Radon, la «bolla» rossa della radioattività indica la Valsabbia

C’è una «bolla rossa» sui Comuni della Valsabbia. A disegnarla è il Sinrad, acronimo di Sistema informativo nazionale sulla radioattività e sta ad indicare la presenza di una sostanza incolore, insapore, inodore e «nobile»: per questo non si vede e il più delle volte neppure si percepisce.
Ma c’è ed è radioattiva. Si tratta del radon, un gas che si genera dal decadimento dell’uranio, ed è presente nei suoli, nelle rocce e nei materiali da costruzione in concentrazioni differenti a seconda della loro composizione. Se però all’aperto si disperde ed è quindi più raro che la sua concentrazione sia «da allarme», al contrario nei luoghi chiusi non aerati si accumula. E può diventare un ospite sì invisibile, ma senza dubbio pericoloso.
I territori
Premessa: quella tratteggiata dal Sinrad è solo una delle mappe che si possono comporre seguendo la concentrazione del radon. Non essendo definito un criterio univoco per l’elaborazione dei dati, ne sono stati nel tempo impiegati diversi che hanno originato vari tipi di analisi, a seconda dei parametri che si prendono in esame. Il Sistema nazionale, in particolare, ha lo scopo di consegna il quadro generale dei territori. Cosa emerge? Che nella nostra provincia le concentrazioni più alte di radon si riscontrano in Valsabbia. In particolare è Sabbio Chiese il Comune con il parametro da tenere maggiormente sott’occhio: l’unico che sfonda il muro dei 200 bequerel per metro cubo, arrivando a 233 bq/m3. Seguono Odolo con un valore di 183 bq/m3, Caino e Vallio Terme a pari merito con 171 bq/mq e Agnosine con 158 bq/mq.

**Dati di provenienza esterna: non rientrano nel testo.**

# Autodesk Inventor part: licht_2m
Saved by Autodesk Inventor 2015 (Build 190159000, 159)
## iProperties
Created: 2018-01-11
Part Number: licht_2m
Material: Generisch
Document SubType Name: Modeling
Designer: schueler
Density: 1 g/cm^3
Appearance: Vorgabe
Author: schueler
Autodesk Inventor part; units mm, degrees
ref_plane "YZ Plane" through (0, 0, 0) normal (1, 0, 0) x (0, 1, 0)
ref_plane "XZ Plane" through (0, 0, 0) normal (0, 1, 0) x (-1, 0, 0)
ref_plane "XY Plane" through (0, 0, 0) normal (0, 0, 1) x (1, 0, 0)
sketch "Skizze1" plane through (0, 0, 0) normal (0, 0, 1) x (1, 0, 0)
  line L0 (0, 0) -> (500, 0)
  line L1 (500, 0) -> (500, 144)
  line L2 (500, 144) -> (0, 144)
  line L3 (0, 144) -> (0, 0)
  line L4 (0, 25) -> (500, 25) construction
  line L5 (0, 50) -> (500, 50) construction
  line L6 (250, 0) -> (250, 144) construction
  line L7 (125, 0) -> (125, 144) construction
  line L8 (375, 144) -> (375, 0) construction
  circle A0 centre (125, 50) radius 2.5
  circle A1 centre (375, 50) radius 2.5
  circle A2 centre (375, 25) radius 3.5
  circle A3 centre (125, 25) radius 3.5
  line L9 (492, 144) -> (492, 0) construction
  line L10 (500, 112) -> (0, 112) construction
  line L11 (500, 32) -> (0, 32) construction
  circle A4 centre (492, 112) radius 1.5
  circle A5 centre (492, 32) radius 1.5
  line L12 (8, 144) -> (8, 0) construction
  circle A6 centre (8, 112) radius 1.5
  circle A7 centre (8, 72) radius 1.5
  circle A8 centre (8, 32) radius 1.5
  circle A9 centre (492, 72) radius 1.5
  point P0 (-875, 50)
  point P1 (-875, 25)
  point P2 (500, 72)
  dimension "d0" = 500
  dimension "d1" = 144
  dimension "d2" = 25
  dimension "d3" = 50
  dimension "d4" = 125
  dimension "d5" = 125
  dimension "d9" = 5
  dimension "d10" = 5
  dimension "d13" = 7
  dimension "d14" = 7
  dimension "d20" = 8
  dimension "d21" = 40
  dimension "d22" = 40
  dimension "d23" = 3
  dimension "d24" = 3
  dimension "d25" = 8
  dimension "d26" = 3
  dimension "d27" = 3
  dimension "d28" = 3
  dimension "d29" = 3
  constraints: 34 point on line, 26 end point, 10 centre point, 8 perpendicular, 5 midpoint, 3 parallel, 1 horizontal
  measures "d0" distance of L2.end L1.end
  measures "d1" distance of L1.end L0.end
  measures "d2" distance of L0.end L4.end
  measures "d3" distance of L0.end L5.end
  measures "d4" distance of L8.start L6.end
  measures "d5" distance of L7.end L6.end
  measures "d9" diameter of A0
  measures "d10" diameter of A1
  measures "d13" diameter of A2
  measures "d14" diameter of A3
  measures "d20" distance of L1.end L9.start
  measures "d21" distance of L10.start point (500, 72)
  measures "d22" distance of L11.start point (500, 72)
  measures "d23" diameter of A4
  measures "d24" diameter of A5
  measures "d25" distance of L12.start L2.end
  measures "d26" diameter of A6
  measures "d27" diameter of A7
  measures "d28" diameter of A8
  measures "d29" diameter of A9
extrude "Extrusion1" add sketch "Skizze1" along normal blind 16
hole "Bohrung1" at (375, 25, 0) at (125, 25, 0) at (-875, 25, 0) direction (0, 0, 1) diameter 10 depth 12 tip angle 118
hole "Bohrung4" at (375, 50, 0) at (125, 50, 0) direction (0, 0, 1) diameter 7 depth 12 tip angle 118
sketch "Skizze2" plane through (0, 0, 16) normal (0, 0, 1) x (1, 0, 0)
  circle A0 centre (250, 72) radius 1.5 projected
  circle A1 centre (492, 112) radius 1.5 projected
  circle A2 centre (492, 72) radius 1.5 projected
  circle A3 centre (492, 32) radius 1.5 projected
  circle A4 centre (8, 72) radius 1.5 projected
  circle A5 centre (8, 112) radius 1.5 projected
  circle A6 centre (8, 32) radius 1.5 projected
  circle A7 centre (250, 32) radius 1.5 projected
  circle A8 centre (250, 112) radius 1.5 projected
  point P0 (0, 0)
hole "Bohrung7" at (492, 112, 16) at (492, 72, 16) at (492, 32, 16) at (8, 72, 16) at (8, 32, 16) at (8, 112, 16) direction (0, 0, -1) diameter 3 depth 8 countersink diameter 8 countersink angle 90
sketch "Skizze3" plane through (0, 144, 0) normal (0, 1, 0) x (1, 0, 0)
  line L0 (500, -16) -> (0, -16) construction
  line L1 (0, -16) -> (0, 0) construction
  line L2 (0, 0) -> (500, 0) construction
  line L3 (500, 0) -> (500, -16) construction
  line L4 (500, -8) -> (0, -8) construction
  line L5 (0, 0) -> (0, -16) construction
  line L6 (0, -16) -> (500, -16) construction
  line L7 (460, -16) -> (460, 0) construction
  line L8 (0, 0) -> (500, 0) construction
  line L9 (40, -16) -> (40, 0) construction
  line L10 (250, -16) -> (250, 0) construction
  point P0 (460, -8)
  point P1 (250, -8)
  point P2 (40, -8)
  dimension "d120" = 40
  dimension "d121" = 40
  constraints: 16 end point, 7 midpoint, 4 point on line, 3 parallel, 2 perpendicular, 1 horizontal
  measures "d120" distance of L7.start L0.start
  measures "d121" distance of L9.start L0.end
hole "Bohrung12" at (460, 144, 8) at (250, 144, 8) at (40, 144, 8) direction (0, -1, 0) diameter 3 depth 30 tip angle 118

Tutti gli altri Comuni hanno valori sotto i 150, ma nessun territorio del Bresciano scende sotto i 50. Queste, lo ricordiamo, sono misurazioni basate sul valore della media comunale, un tipo di monitoraggio utile per determinare le aree a rischio, così da poter mettere in campo una serie di contromisure pratiche per tempo, prime fra tutte quelle edili per una più efficace aerazione dei locali. Ad essere nociva, infatti, è l’inalazione del radon, gas che tende a concentrarsi negli ambienti bassi e con uno scarso ricircolo dell’aria.
Le abitazioni
Diverso il quadro sul quale si è concentrato invece il monitoraggio condotto dall’Agenzia regionale per la protezione dell’ambiente (Arpa Lombardia), che ha puntato i fari sui valori riscontrati attorno alle abitazioni collocate a piano terra.
Nasce così la tabella dei Comuni bresciani, che indica in rosso (a segnalare un livello di attenzione particolare) i territori nei quali i dati raccolti stimano che in più del 20% delle case si riscontrano livelli di radon superiori a 200 bequerel per metro cubo. Ad emergere sono due dati interessanti.
Il primo: la cintura dei Comuni sotto osservazione si allarga e ne include 35. Il secondo è che le percentuali più alte si riscontrano comunque in Valsabbia: all’elenco del Sinrad si aggiungono Bione (57%), Casto (50), Mura (48), Preseglie (55), Valvestino (56) ma anche la Valcamonica ha in questo caso qualche i suoi due bollini rossi, collocati su Temù e Vione.
In generale i risultati delle campagne di misura hanno mostrato come nell’area di pianura, dove il substrato alluvionale, poco permeabile al gas, presenta uno spessore maggiore, la presenza di radon sia poco rilevante. «Nelle aree montane in provincia di Brescia, Bergamo, Sondrio, Varese e Lecco le concentrazioni sono invece risultate decisamente più elevate» si legge nel report dell’Arpa. Le analisi statistiche sulle misure effettuate in Lombardia hanno inoltre mostrato che la concentrazione di radon indoor oltre che alla zona geografica (e quindi alle caratteristiche geomorfologiche del sottosuolo) «è anche strettamente correlata alle caratteristiche costruttive, ai materiali utilizzati, alle modalità di aerazione e ventilazione e alle abitudini di utilizzo del singolo edificio».